The Fed’s interest rate decisions significantly affect global markets. Lower US rates can weaken the dollar, making US exports more competitive but also increasing the cost of imported goods. Investors may seek higher returns in other markets, potentially leading to capital outflows from the US and putting pressure on emerging market currencies and economies.
Lower rates can also boost economic growth and corporate earnings, pushing stock prices higher, though the impact varies across sectors and regions. Bond prices tend to rise when rates fall, benefiting existing bondholders but potentially reducing returns for new investors. Additionally, lower rates may drive up demand for commodities, raising prices for assets like oil and metals.
Impact on India
A US rate cut may prompt India’s central bank to consider cutting rates as well. However, the Reserve Bank of India (RBI) has been cautious about lowering rates. The RBI’s Monetary Policy Committee (MPC) will review this in upcoming meetings, especially as more clarity emerges on food inflation trends.

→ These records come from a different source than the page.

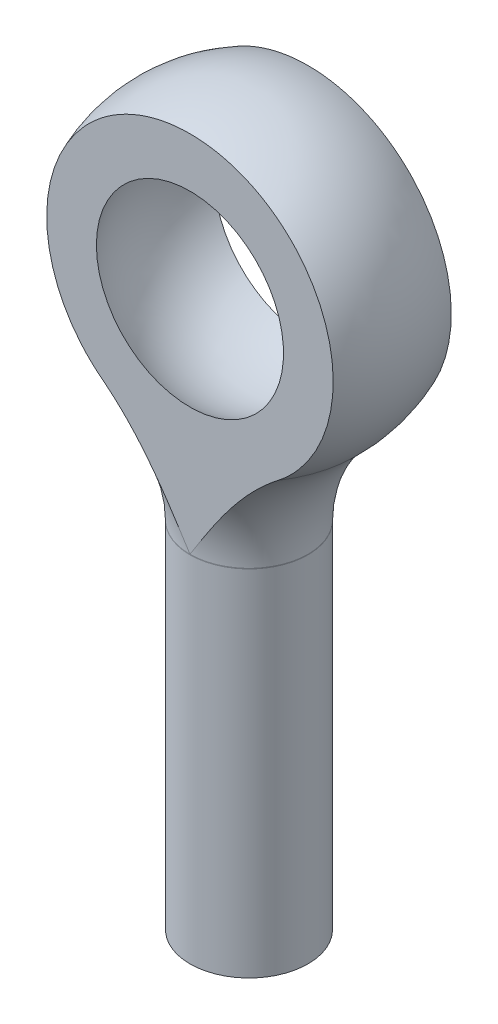
ISO-10303-21;
HEADER;
FILE_DESCRIPTION(('STEP AP214'),'2;1');
FILE_NAME('part.step','',(''),(''),'','','');
FILE_SCHEMA(('AUTOMOTIVE_DESIGN { 1 0 10303 214 1 1 1 1 }'));
ENDSEC;
DATA;
#1=APPLICATION_CONTEXT('core data for automotive mechanical design processes');
#2=APPLICATION_PROTOCOL_DEFINITION('international standard','automotive_design',2000,#1);
#3=PRODUCT_CONTEXT('',#1,'mechanical');
#4=PRODUCT('Part','Part','',(#3));
#5=PRODUCT_RELATED_PRODUCT_CATEGORY('part','',(#4));
#6=PRODUCT_DEFINITION_FORMATION('','',#4);
#7=PRODUCT_DEFINITION_CONTEXT('part definition',#1,'design');
#8=PRODUCT_DEFINITION('design','',#6,#7);
#9=PRODUCT_DEFINITION_SHAPE('','',#8);
#10=(LENGTH_UNIT() NAMED_UNIT(*) SI_UNIT(.MILLI.,.METRE.));
#11=(NAMED_UNIT(*) PLANE_ANGLE_UNIT() SI_UNIT($,.RADIAN.));
#12=(NAMED_UNIT(*) SI_UNIT($,.STERADIAN.) SOLID_ANGLE_UNIT());
#13=UNCERTAINTY_MEASURE_WITH_UNIT(LENGTH_MEASURE(1.E-05),#10,'distance_accuracy_value','');
#14=(GEOMETRIC_REPRESENTATION_CONTEXT(3) GLOBAL_UNCERTAINTY_ASSIGNED_CONTEXT((#13)) GLOBAL_UNIT_ASSIGNED_CONTEXT((#10,
#11,#12)) REPRESENTATION_CONTEXT('',''));
#15=CARTESIAN_POINT('',(0.,0.,0.));
#16=DIRECTION('',(0.,0.,1.));
#17=DIRECTION('',(1.,0.,0.));
#18=AXIS2_PLACEMENT_3D('',#15,#16,#17);
#19=CARTESIAN_POINT('',(0.,500000.,0.));
#20=DIRECTION('',(0.,-1.,0.));
#21=DIRECTION('',(0.,0.,-1.));
#22=AXIS2_PLACEMENT_3D('',#19,#20,#21);
#23=CYLINDRICAL_SURFACE('',#22,6.35);
#24=CARTESIAN_POINT('',(0.,-61.9252,0.));
#25=DIRECTION('',(0.,1.,0.));
#26=DIRECTION('',(0.,0.,1.));
#27=AXIS2_PLACEMENT_3D('',#24,#25,#26);
#28=CIRCLE('',#27,6.35);
#29=CARTESIAN_POINT('',(0.,-61.9252,6.35));
#30=VERTEX_POINT('',#29);
#31=EDGE_CURVE('E207',#30,#30,#28,.T.);
#32=ORIENTED_EDGE('',*,*,#31,.T.);
#33=EDGE_LOOP('',(#32));
#34=FACE_BOUND('',#33,.T.);
#35=CARTESIAN_POINT('',(0.,-23.8251999999761,0.));
#36=DIRECTION('',(0.,1.,0.));
#37=DIRECTION('',(0.,0.,1.));
#38=AXIS2_PLACEMENT_3D('',#35,#36,#37);
#39=CIRCLE('',#38,6.35);
#40=CARTESIAN_POINT('',(0.,-23.8251999999761,6.35));
#41=VERTEX_POINT('',#40);
#42=EDGE_CURVE('E11',#41,#41,#39,.T.);
#43=ORIENTED_EDGE('',*,*,#42,.F.);
#44=EDGE_LOOP('',(#43));
#45=FACE_BOUND('',#44,.T.);
#46=ADVANCED_FACE('F33',(#34,#45),#23,.T.);
#47=CARTESIAN_POINT('',(0.,-23.764085796849,0.));
#48=DIRECTION('',(0.,1.,0.));
#49=DIRECTION('',(0.,0.,1.));
#50=AXIS2_PLACEMENT_3D('',#47,#48,#49);
#51=TOROIDAL_SURFACE('',#50,22.225,15.875);
#52=CARTESIAN_POINT('',(0.,-23.7640857968699,0.));
#53=DIRECTION('',(0.,1.,0.));
#54=DIRECTION('',(0.,0.,1.));
#55=AXIS2_PLACEMENT_3D('',#52,#53,#54);
#56=CIRCLE('',#55,6.35);
#57=CARTESIAN_POINT('',(0.,-23.7640857968699,6.35));
#58=VERTEX_POINT('',#57);
#59=CARTESIAN_POINT('',(0.,-23.7640857968699,-6.35));
#60=VERTEX_POINT('',#59);
#61=EDGE_CURVE('E57',#58,#60,#56,.F.);
#62=ORIENTED_EDGE('',*,*,#61,.F.);
#63=CARTESIAN_POINT('',(0.,-23.764085796849,6.35));
#64=CARTESIAN_POINT('',(-0.00448984716126769,-23.7569867241387,6.35));
#65=CARTESIAN_POINT('',(-0.00897969462927698,-23.7498876519898,6.35));
#66=CARTESIAN_POINT('',(-0.583050319482661,-22.842204567849,6.35));
#67=CARTESIAN_POINT('',(-1.15275727114214,-21.9417066279042,6.35));
#68=CARTESIAN_POINT('',(-2.32335162742201,-20.160177709213,6.35));
#69=CARTESIAN_POINT('',(-2.92424781876735,-19.2791523170995,6.35));
#70=CARTESIAN_POINT('',(-3.86795157505741,-17.9901471026716,6.35));
#71=CARTESIAN_POINT('',(-4.18913741672609,-17.5664271345477,6.35));
#72=CARTESIAN_POINT('',(-4.84845598241763,-16.7324294342148,6.35));
#73=CARTESIAN_POINT('',(-5.18658595834078,-16.3221495399508,6.35));
#74=CARTESIAN_POINT('',(-5.88177845584032,-15.5184579602398,6.35));
#75=CARTESIAN_POINT('',(-6.23882540206243,-15.1250328656359,6.35));
#76=CARTESIAN_POINT('',(-6.97363010371919,-14.3581134853306,6.35));
#77=CARTESIAN_POINT('',(-7.35138337572862,-13.98461491934,6.35));
#78=CARTESIAN_POINT('',(-8.16180930720019,-13.230048098124,6.35));
#79=CARTESIAN_POINT('',(-8.59641862075767,-12.8510482302285,6.35));
#80=CARTESIAN_POINT('',(-9.4916436740845,-12.1249915308166,6.35));
#81=CARTESIAN_POINT('',(-9.95225948168154,-11.7779347826175,6.35));
#82=CARTESIAN_POINT('',(-10.8993622631317,-11.1199434841251,6.35));
#83=CARTESIAN_POINT('',(-11.3858737819888,-10.8090441271136,6.35));
#84=CARTESIAN_POINT('',(-12.3828049973355,-10.2281483905436,6.35));
#85=CARTESIAN_POINT('',(-12.893224404853,-9.9581515167679,6.35));
#86=CARTESIAN_POINT('',(-13.9397980953899,-9.46116102092254,6.35));
#87=CARTESIAN_POINT('',(-14.4761289787481,-9.23453789324361,6.35));
#88=CARTESIAN_POINT('',(-15.5672362557874,-8.83091626349336,6.35));
#89=CARTESIAN_POINT('',(-16.1220132687936,-8.65391942950051,6.35));
#90=CARTESIAN_POINT('',(-17.2451790893523,-8.35308665898777,6.35));
#91=CARTESIAN_POINT('',(-17.8135518452561,-8.22919101180703,6.35));
#92=CARTESIAN_POINT('',(-18.9596366725442,-8.03703020888307,6.35));
#93=CARTESIAN_POINT('',(-19.5373477965836,-7.96875944586452,6.35));
#94=CARTESIAN_POINT('',(-20.6392597037418,-7.89379535041776,6.35));
#95=CARTESIAN_POINT('',(-21.1630945300894,-7.88167392137649,6.35));
#96=CARTESIAN_POINT('',(-22.2096193822471,-7.90521199826917,6.35));
#97=CARTESIAN_POINT('',(-22.7323095864623,-7.94086343474808,6.35));
#98=CARTESIAN_POINT('',(-23.7748382287456,-8.06073443349305,6.35));
#99=CARTESIAN_POINT('',(-24.294649486187,-8.14519507601028,6.35));
#100=CARTESIAN_POINT('',(-25.0666389602046,-8.30835636806882,6.35));
#101=CARTESIAN_POINT('',(-25.322781678413,-8.36885332253963,6.35));
#102=CARTESIAN_POINT('',(-25.8319149361716,-8.50194972045422,6.35));
#103=CARTESIAN_POINT('',(-26.0849053338249,-8.57454970659687,6.35));
#104=CARTESIAN_POINT('',(-26.336056281303,-8.65316887921814,6.35));
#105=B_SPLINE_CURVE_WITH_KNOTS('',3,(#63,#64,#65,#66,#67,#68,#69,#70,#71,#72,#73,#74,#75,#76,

Foreign investors may look to emerging markets like India for higher returns, leading to increased foreign capital inflows into Indian equities and debt markets. Indeed, net foreign portfolio inflows into Indian equity markets have resumed and are expected to grow. Increased foreign investment typically boosts demand for the Indian rupee as investors convert their currencies to INR, potentially leading to an appreciation of the rupee against the US dollar.
However, India may not benefit as much as other emerging markets, as Indian valuations are already relatively high. Experts suggest that the coming months will clarify whether markets will favourvalue or growth during the rate-cutting cycle. While India offers attractive investment opportunities, other undervalued markets may also draw attention due to their lower valuations. Although India’s banking sector holds potential value, other sectors may be overvalued.
The magnitude of the Fed’s rate cuts will have significant consequences for emerging markets. As the International Monetary Fund noted in its July World Economic Outlook, many central banks in these economies remain cautious about lowering their rates, mindful of external risks like changes in interest rate differentials and potential currency depreciation against the dollar.